The analysis in this article might be seen as a reinvention of the theory of ‘systems collapse’, currently the most credible theory amongst archaeologists. In my view, ‘causes’ such as drought, the migration of peoples, new weapons technology and so on were important aspects of the crisis but the ultimate explanation is more fundamental than these or a mere combination of them.

The effects of the collapse were of course uneven. Although Egypt entered a period of decline, it retained a cultural continuity between the Bronze and Iron Ages. In other regions the change was more stark. In the Aegean the late Bronze Age was followed by a Dark Age, when the loss of long-distance trade and the breakdown of great bureaucratic states caused a fragmentation into smaller, more backward societies. This had a significant affect upon artistic production. Monumental buildings were no longer built, pottery designs became simpler, the Linear B script fell into disuse, craft output fell and the resources spent on art declined.

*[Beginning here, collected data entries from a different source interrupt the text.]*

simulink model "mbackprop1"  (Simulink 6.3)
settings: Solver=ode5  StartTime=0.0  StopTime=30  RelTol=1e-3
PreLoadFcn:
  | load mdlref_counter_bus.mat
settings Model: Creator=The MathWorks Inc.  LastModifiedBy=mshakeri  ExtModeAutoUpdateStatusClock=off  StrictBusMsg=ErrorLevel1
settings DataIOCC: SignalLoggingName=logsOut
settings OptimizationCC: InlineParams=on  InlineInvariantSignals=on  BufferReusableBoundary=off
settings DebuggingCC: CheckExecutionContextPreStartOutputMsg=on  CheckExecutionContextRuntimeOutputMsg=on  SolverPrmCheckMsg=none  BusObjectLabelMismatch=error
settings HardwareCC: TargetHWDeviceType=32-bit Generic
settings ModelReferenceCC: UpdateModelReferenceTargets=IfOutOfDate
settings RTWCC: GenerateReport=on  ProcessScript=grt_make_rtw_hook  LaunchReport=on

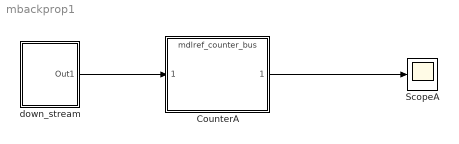
== system mbackprop1 ==
  CounterA : ModelReference  ModelName=mdlref_counter_bus  ModelReferenceVersion=1.114  CopyOfModelName=mdlref_counter_bus
  ScopeA : Scope
      settings: TimeRange=30  YMax=50  SaveName=ScopeDataA  DataFormat=Array
  down_stream : Subsystem  TreatAsAtomicUnit=on
  wires:
  down_stream/1(Out1) -> CounterA/1
  CounterA/1 -> ScopeA/1

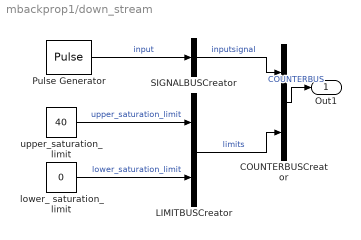
== system mbackprop1/down_stream ==
  COUNTERBUSCreator : BusCreator  Inputs=2
  LIMITBUSCreator : BusCreator  Inputs=2
  Pulse Generator : DiscretePulseGenerator  Amplitude=int32(1)  SampleTime=0.1
  SIGNALBUSCreator : BusCreator  Inputs=1
  lower_ saturation_ limit : Constant  Value=0  OutDataTypeMode=int32  SampleTime=0.1
  upper_saturation_limit : Constant  Value=40  OutDataTypeMode=int32  SampleTime=0.1
  Out1 : Outport
  wires:
  upper_saturation_limit/1 -> LIMITBUSCreator/1  "upper_saturation_limit"
  lower_ saturation_ limit/1 -> LIMITBUSCreator/2  "lower_saturation_limit"
  LIMITBUSCreator/1 -> COUNTERBUSCreator/2  "limits"
  Pulse Generator/1 -> SIGNALBUSCreator/1  "input"
  SIGNALBUSCreator/1 -> COUNTERBUSCreator/1  "inputsignal"
  COUNTERBUSCreator/1 -> Out1/1  "COUNTERBUS"

Though the collapse was a period of destruction and decline, there was also a positive opportunity for rebirth. The loss by Egypt of its territories in the Levant and the disintegration of the Hittite empire in Anatolia created the space for new, smaller cultures like the Phoenicians, inventors of the alphabet, or the Lydians, inventors of coinage, to emerge as commercial powers. And in time the recovery would bring a new wave of cultures. Among them was a culture whose art is often held up as one of humanity’s highest achievements – the ancient Greeks – whom we will examine presently.

Human history was also on the cusp of a new phase of civilisation, characterised by a technology that would change the world: iron.




[1] Robert Drews, The End of the Bronze Age (1995).
[2] Egypt’s period of decline occasioned the first recorded labour strike in history in ca.1170 BCE, when food rations failed to be provided for the skilled artisans in Deir el-Medina.
[3] Donald Preziosi and Louise A. Hitchcock, Aegean Art and Architecture (1999).
[4] Gordon Childe, Man Makes Himself (1936). This article draws upon Childe’s thesis from chapter 9 on ‘the acceleration and retardation of progress’.
[5] For a fuller list see Childe, op. cit.
[6] Karl Marx, Preface to the Contribution to the Critique of Political Economy (1859).
[7] In the process of creating military machines, kings increasingly recruited mercenaries from their frontiers: Libyans and Asiatics for Egypt, peoples from Asia Minor for the Hittites, the Dorians for the Mycenaeans. These ‘fringe’ peoples, armed and organised, acquired the military capacity to bring down their employers.
[8] Marx and Engels, The Communist Manifesto (1848).